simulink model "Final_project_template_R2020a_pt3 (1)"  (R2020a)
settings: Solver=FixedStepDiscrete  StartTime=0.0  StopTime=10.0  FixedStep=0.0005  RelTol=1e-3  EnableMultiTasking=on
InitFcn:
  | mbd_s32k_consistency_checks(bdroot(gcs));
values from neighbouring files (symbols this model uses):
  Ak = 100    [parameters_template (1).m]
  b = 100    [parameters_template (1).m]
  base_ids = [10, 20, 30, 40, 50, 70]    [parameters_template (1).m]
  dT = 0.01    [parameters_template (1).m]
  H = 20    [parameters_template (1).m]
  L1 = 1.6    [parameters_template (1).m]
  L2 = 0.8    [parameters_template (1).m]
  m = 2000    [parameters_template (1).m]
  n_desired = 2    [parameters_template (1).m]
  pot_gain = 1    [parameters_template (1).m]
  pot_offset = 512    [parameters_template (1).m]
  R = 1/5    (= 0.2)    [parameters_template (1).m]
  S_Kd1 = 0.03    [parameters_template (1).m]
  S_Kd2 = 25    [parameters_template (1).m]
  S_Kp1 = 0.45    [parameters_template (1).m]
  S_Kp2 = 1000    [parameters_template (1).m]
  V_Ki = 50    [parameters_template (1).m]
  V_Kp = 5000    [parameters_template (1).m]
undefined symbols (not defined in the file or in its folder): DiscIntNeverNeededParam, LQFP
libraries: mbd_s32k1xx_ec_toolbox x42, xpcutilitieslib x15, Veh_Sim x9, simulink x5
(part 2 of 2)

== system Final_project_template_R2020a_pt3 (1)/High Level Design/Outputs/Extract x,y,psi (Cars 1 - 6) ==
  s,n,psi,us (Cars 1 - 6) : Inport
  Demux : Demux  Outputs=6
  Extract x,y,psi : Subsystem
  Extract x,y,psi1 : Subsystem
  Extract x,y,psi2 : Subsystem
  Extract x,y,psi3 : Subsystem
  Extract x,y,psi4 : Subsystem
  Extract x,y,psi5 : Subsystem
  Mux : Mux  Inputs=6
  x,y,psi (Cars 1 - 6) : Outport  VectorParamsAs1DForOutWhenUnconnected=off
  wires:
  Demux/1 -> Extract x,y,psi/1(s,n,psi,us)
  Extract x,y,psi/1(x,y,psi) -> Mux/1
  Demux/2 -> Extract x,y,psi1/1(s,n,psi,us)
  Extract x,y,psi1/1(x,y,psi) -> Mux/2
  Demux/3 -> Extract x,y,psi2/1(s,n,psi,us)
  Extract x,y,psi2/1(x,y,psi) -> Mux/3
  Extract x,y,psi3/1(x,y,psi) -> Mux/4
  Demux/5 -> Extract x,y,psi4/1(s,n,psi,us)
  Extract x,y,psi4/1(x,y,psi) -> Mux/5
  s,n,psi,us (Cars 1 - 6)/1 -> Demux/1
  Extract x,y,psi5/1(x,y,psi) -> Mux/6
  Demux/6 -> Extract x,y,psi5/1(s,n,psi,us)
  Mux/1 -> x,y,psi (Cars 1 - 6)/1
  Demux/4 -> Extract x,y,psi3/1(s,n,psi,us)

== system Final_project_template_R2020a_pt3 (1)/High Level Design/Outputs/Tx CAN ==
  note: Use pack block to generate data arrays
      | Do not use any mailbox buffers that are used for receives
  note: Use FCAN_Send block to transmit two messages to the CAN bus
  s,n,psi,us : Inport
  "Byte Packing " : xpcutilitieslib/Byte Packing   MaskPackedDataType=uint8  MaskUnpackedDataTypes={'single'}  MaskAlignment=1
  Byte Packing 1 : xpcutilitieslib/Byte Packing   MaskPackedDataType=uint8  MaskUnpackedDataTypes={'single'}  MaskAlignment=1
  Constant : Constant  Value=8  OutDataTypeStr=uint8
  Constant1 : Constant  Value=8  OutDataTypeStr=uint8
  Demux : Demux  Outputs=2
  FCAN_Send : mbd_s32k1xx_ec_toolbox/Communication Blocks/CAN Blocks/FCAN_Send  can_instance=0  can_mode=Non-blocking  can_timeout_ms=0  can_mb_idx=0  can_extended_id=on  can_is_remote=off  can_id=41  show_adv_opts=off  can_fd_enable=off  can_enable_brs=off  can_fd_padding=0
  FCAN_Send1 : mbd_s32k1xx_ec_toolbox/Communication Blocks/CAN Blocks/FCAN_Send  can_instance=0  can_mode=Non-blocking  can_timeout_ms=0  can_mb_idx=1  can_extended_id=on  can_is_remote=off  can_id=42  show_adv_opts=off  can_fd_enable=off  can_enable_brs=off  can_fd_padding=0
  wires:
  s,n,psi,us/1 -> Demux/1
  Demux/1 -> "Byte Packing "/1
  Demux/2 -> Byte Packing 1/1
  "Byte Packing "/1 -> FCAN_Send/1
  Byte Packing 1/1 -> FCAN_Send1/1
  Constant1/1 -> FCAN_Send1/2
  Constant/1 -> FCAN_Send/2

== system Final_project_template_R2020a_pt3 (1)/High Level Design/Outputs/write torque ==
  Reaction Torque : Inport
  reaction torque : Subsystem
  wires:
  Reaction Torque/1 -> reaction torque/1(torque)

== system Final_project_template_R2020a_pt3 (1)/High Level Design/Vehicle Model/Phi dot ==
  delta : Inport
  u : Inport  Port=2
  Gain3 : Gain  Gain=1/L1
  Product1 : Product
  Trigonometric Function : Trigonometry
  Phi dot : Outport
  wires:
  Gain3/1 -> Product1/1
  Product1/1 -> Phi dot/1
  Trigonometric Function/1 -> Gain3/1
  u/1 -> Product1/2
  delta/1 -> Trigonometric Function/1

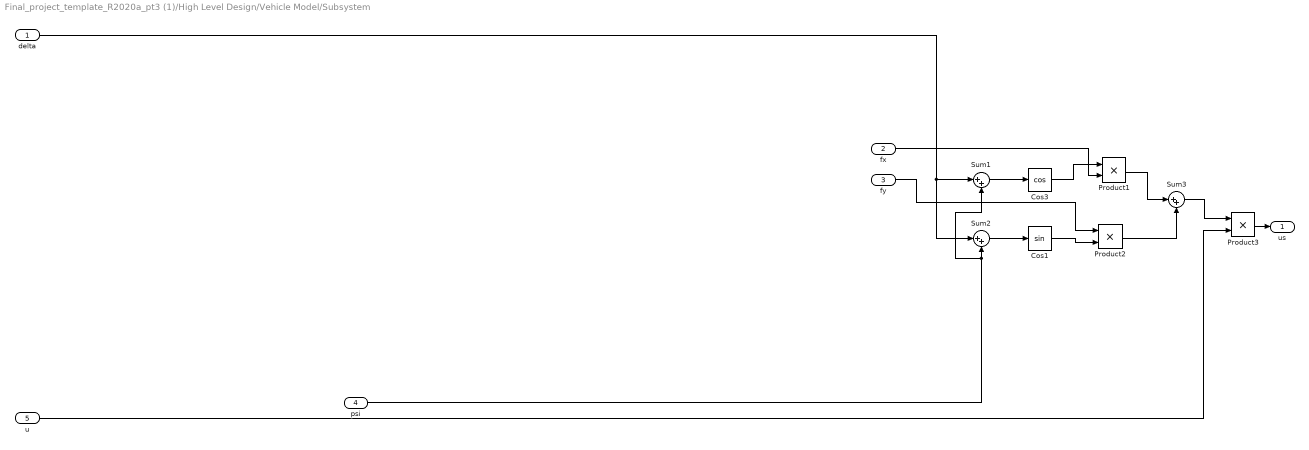
== system Final_project_template_R2020a_pt3 (1)/High Level Design/Vehicle Model/Subsystem ==
  delta : Inport
  fx : Inport  Port=2
  fy : Inport  Port=3
  psi : Inport  Port=4
  u : Inport  Port=5
  Cos1 : Trigonometry
  Cos3 : Trigonometry  Operator=cos
  Product1 : Product
  Product2 : Product
  Product3 : Product
  Sum1 : Sum  Inputs=|++
  Sum2 : Sum  Inputs=|++
  Sum3 : Sum  Inputs=|++
  us : Outport
  wires:
  Sum2/1 -> Cos1/1
  Cos3/1 -> Product1/1
  fy/1 -> Product2/1
  psi/1 -> Sum1/2, Sum2/2
  delta/1 -> Sum1/1, Sum2/1
  Product2/1 -> Sum3/2
  Sum3/1 -> Product3/1
  Product1/1 -> Sum3/1
  Cos1/1 -> Product2/2
  Sum1/1 -> Cos3/1
  fx/1 -> Product1/2
  Product3/1 -> us/1
  u/1 -> Product3/2

== system Final_project_template_R2020a_pt3 (1)/High Level Design/Vehicle Model/Subsystem1 ==
  Driving force (Fd) : Inport
  Discrete-Time Integrator : DiscreteIntegrator  SampleTime=-1  ICPrevOutput=DiscIntNeverNeededParam  ICPrevScaledInput=DiscIntNeverNeededParam
  Gain : Gain  Gain=1/m
  Gain1 : Gain  Gain=b
  Sum : Sum  Inputs=|+-
  u : Outport
  wires:
  Driving force (Fd)/1 -> Sum/1
  Gain1/1 -> Sum/2
  Gain/1 -> Discrete-Time Integrator/1
  Discrete-Time Integrator/1 -> u/1, Gain1/1
  Sum/1 -> Gain/1

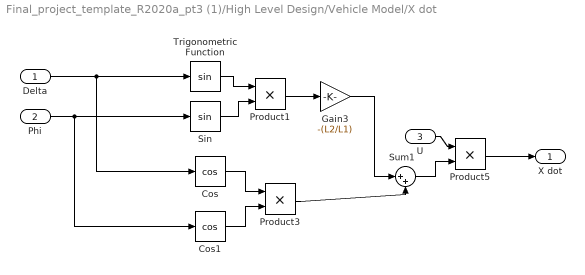
== system Final_project_template_R2020a_pt3 (1)/High Level Design/Vehicle Model/X dot  ==
  Delta : Inport
  Phi : Inport  Port=2
  U : Inport  Port=3
  Cos : Trigonometry  Operator=cos
  Cos1 : Trigonometry  Operator=cos
  Gain3 : Gain  Gain=-(L2/L1)
  Product1 : Product
  Product3 : Product
  Product5 : Product
  Sin : Trigonometry
  Sum1 : Sum  Inputs=|++
  Trigonometric Function : Trigonometry
  X dot : Outport
  wires:
  Sin/1 -> Product1/2
  Product1/1 -> Gain3/1
  Gain3/1 -> Sum1/1
  Trigonometric Function/1 -> Product1/1
  Sum1/1 -> Product5/2
  Product3/1 -> Sum1/2
  Delta/1 -> Cos/1, Trigonometric Function/1
  Cos/1 -> Product3/1
  Cos1/1 -> Product3/2
  Product5/1 -> X dot/1
  Phi/1 -> Cos1/1, Sin/1
  U/1 -> Product5/1

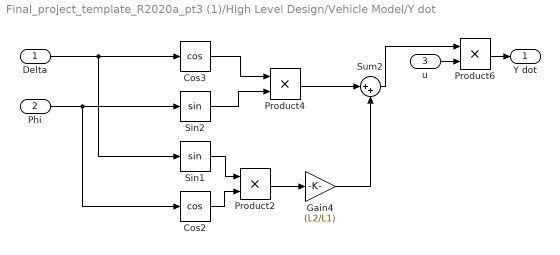
== system Final_project_template_R2020a_pt3 (1)/High Level Design/Vehicle Model/Y dot ==
  Delta : Inport
  Phi : Inport  Port=2
  u : Inport  Port=3
  Cos2 : Trigonometry  Operator=cos
  Cos3 : Trigonometry  Operator=cos
  Gain4 : Gain  Gain=(L2/L1)
  Product2 : Product
  Product4 : Product
  Product6 : Product
  Sin1 : Trigonometry
  Sin2 : Trigonometry
  Sum2 : Sum  Inputs=|++
  Y dot : Outport
  wires:
  Product4/1 -> Sum2/1
  Cos2/1 -> Product2/2
  Sin1/1 -> Product2/1
  Delta/1 -> Cos3/1, Sin1/1
  Sum2/1 -> Product6/1
  Gain4/1 -> Sum2/2
  Sin2/1 -> Product4/2
  Product2/1 -> Gain4/1
  Cos3/1 -> Product4/1
  Product6/1 -> Y dot/1
  u/1 -> Product6/2
  Phi/1 -> Cos2/1, Sin2/1

== system Final_project_template_R2020a_pt3 (1)/Serial Sim Out to Virtual Sim/UART Iteration/Resettable Subsystem ==
  Reset : ResetPort  DisableCoverage=on  ResetTriggerType=either
  Constant : Constant
  Delay : Delay  DelayLength=1
  Sum : Sum  Inputs=|++
  Out1 : Outport  VectorParamsAs1DForOutWhenUnconnected=off
  wires:
  Delay/1 -> Sum/1
  Constant/1 -> Sum/2
  Sum/1 -> Out1/1, Delay/1

== system Final_project_template_R2020a_pt3 (1)/Can Network Inputs/Extract CAN data/Data to s,n,psi,us /Switch Case Action Subsystem2 ==
  s,n : Inport
  Action Port : ActionPort  ActionPortLabel=if(u1 == 5)
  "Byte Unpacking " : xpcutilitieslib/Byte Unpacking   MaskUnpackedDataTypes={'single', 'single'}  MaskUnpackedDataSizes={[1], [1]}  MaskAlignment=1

+ + + +

:: Task ::
Please filter the listing down to lines that include the word "Trigonometry".

:: Exercise answer ::
  Trigonometric Function : Trigonometry
  Cos1 : Trigonometry
  Cos3 : Trigonometry  Operator=cos
  Cos : Trigonometry  Operator=cos
  Cos1 : Trigonometry  Operator=cos
  Sin : Trigonometry
  Trigonometric Function : Trigonometry
  Cos2 : Trigonometry  Operator=cos
  Cos3 : Trigonometry  Operator=cos
  Sin1 : Trigonometry
  Sin2 : Trigonometry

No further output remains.